* _WHAT IS REQUIRED_:
Before writing out the records, remove the pictures; keep everything else exact.

======== TASK INPUT

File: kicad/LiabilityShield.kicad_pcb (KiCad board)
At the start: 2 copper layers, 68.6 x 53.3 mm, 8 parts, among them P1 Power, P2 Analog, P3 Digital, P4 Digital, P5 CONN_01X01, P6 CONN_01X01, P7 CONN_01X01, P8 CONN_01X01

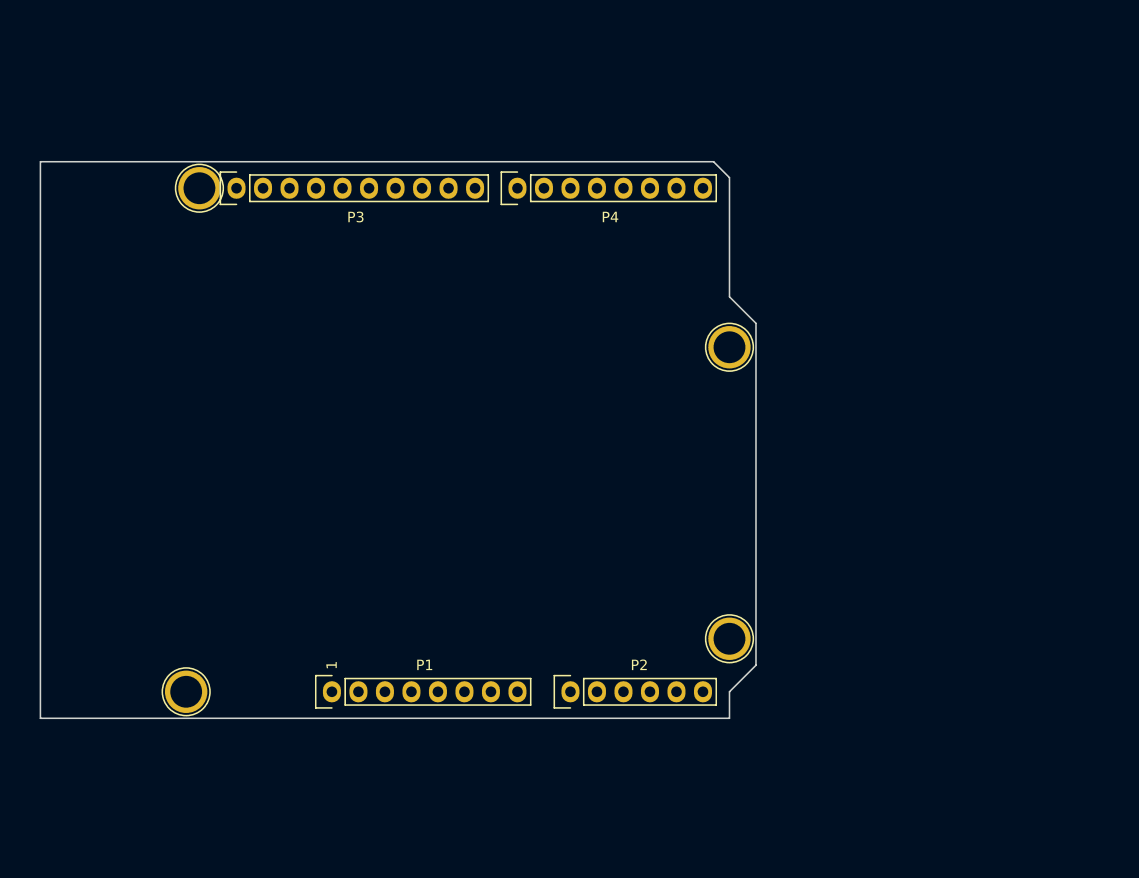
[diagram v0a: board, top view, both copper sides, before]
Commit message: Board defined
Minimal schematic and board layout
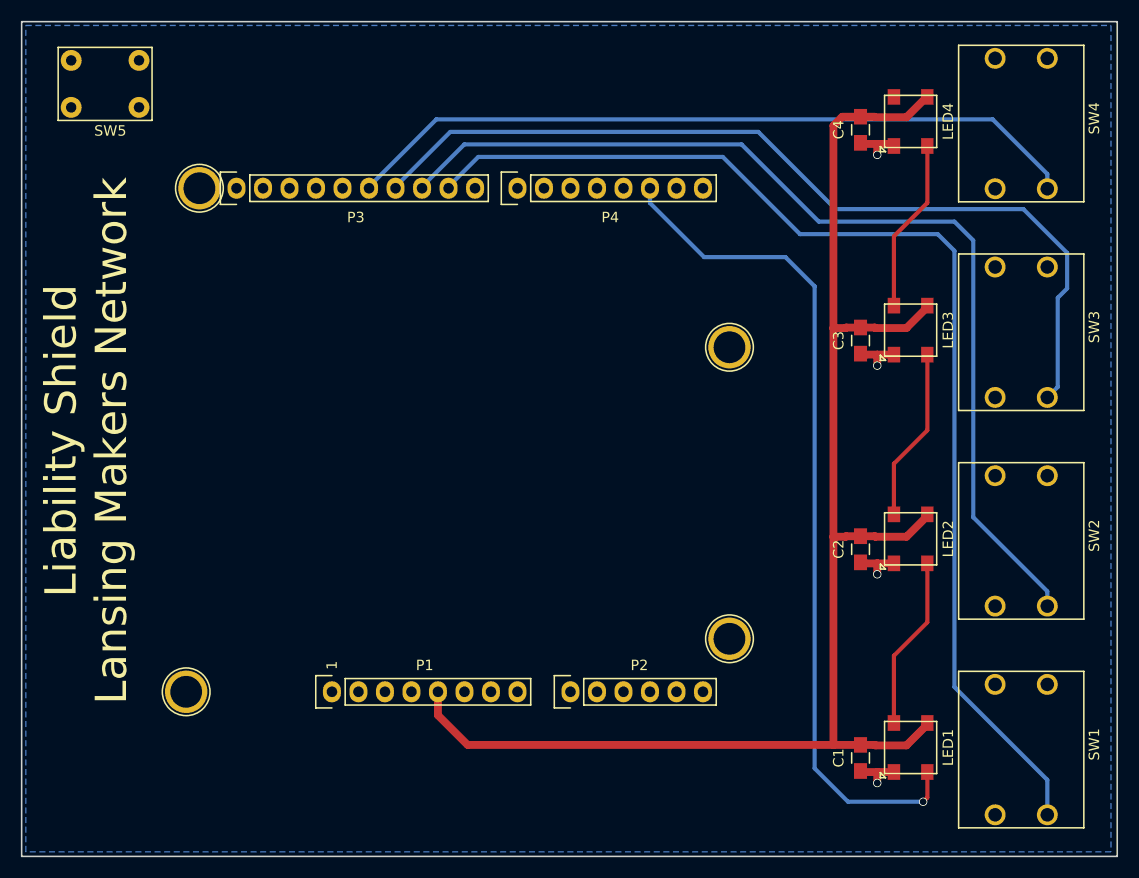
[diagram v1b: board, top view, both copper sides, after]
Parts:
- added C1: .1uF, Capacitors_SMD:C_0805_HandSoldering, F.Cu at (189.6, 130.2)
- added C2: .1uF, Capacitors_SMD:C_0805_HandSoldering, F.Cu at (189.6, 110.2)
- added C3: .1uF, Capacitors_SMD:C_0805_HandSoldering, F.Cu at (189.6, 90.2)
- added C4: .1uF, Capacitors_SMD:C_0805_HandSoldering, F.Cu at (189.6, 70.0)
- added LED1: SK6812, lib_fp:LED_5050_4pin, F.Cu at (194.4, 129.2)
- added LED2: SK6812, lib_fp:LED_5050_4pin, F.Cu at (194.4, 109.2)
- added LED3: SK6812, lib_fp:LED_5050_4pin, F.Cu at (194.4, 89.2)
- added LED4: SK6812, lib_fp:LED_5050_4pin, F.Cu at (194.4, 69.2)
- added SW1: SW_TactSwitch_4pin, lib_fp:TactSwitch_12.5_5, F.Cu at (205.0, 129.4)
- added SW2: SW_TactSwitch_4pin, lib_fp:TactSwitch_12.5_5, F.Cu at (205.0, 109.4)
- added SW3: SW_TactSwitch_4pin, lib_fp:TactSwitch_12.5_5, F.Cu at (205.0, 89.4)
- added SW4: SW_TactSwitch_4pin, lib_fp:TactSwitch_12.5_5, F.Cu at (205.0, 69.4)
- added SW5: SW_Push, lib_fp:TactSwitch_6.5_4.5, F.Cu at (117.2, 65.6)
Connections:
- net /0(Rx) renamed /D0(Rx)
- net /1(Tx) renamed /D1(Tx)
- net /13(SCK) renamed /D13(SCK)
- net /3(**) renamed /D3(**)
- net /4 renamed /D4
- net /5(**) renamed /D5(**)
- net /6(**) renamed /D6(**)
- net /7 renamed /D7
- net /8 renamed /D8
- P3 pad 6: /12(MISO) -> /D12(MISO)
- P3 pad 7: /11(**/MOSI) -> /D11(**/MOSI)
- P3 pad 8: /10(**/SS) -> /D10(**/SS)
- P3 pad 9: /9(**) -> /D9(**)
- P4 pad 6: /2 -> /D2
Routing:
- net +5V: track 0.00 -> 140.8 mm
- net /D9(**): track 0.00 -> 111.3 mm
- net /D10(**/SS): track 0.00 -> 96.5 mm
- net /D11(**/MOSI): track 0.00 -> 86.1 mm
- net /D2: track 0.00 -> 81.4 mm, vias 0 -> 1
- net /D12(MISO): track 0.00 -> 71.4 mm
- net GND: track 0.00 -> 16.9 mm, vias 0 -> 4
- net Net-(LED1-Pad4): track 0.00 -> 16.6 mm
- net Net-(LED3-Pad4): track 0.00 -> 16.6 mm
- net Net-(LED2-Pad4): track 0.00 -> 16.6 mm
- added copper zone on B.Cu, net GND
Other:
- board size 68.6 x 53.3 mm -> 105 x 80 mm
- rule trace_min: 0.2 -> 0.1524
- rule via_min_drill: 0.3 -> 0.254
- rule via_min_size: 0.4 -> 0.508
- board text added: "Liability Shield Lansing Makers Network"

================

* _ANSWER FOR THIS EXERCISE_:
File: kicad/LiabilityShield.kicad_pcb (KiCad board)
At the start: 2 copper layers, 68.6 x 53.3 mm, 8 parts, among them P1 Power, P2 Analog, P3 Digital, P4 Digital, P5 CONN_01X01, P6 CONN_01X01, P7 CONN_01X01, P8 CONN_01X01

[diagram v0a: board, top view, both copper sides, before]
Commit message: Board defined
Minimal schematic and board layout
[diagram v1b: board, top view, both copper sides, after]
Parts:
- added C1: .1uF, Capacitors_SMD:C_0805_HandSoldering, F.Cu at (189.6, 130.2)
- added C2: .1uF, Capacitors_SMD:C_0805_HandSoldering, F.Cu at (189.6, 110.2)
- added C3: .1uF, Capacitors_SMD:C_0805_HandSoldering, F.Cu at (189.6, 90.2)
- added C4: .1uF, Capacitors_SMD:C_0805_HandSoldering, F.Cu at (189.6, 70.0)
- added LED1: SK6812, lib_fp:LED_5050_4pin, F.Cu at (194.4, 129.2)
- added LED2: SK6812, lib_fp:LED_5050_4pin, F.Cu at (194.4, 109.2)
- added LED3: SK6812, lib_fp:LED_5050_4pin, F.Cu at (194.4, 89.2)
- added LED4: SK6812, lib_fp:LED_5050_4pin, F.Cu at (194.4, 69.2)
- added SW1: SW_TactSwitch_4pin, lib_fp:TactSwitch_12.5_5, F.Cu at (205.0, 129.4)
- added SW2: SW_TactSwitch_4pin, lib_fp:TactSwitch_12.5_5, F.Cu at (205.0, 109.4)
- added SW3: SW_TactSwitch_4pin, lib_fp:TactSwitch_12.5_5, F.Cu at (205.0, 89.4)
- added SW4: SW_TactSwitch_4pin, lib_fp:TactSwitch_12.5_5, F.Cu at (205.0, 69.4)
- added SW5: SW_Push, lib_fp:TactSwitch_6.5_4.5, F.Cu at (117.2, 65.6)
Connections:
- net /0(Rx) renamed /D0(Rx)
- net /1(Tx) renamed /D1(Tx)
- net /13(SCK) renamed /D13(SCK)
- net /3(**) renamed /D3(**)
- net /4 renamed /D4
- net /5(**) renamed /D5(**)
- net /6(**) renamed /D6(**)
- net /7 renamed /D7
- net /8 renamed /D8
- P3 pad 6: /12(MISO) -> /D12(MISO)
- P3 pad 7: /11(**/MOSI) -> /D11(**/MOSI)
- P3 pad 8: /10(**/SS) -> /D10(**/SS)
- P3 pad 9: /9(**) -> /D9(**)
- P4 pad 6: /2 -> /D2
Routing:
- net +5V: track 0.00 -> 140.8 mm
- net /D9(**): track 0.00 -> 111.3 mm
- net /D10(**/SS): track 0.00 -> 96.5 mm
- net /D11(**/MOSI): track 0.00 -> 86.1 mm
- net /D2: track 0.00 -> 81.4 mm, vias 0 -> 1
- net /D12(MISO): track 0.00 -> 71.4 mm
- net GND: track 0.00 -> 16.9 mm, vias 0 -> 4
- net Net-(LED1-Pad4): track 0.00 -> 16.6 mm
- net Net-(LED3-Pad4): track 0.00 -> 16.6 mm
- net Net-(LED2-Pad4): track 0.00 -> 16.6 mm
- added copper zone on B.Cu, net GND
Other:
- board size 68.6 x 53.3 mm -> 105 x 80 mm
- rule trace_min: 0.2 -> 0.1524
- rule via_min_drill: 0.3 -> 0.254
- rule via_min_size: 0.4 -> 0.508
- board text added: "Liability Shield Lansing Makers Network"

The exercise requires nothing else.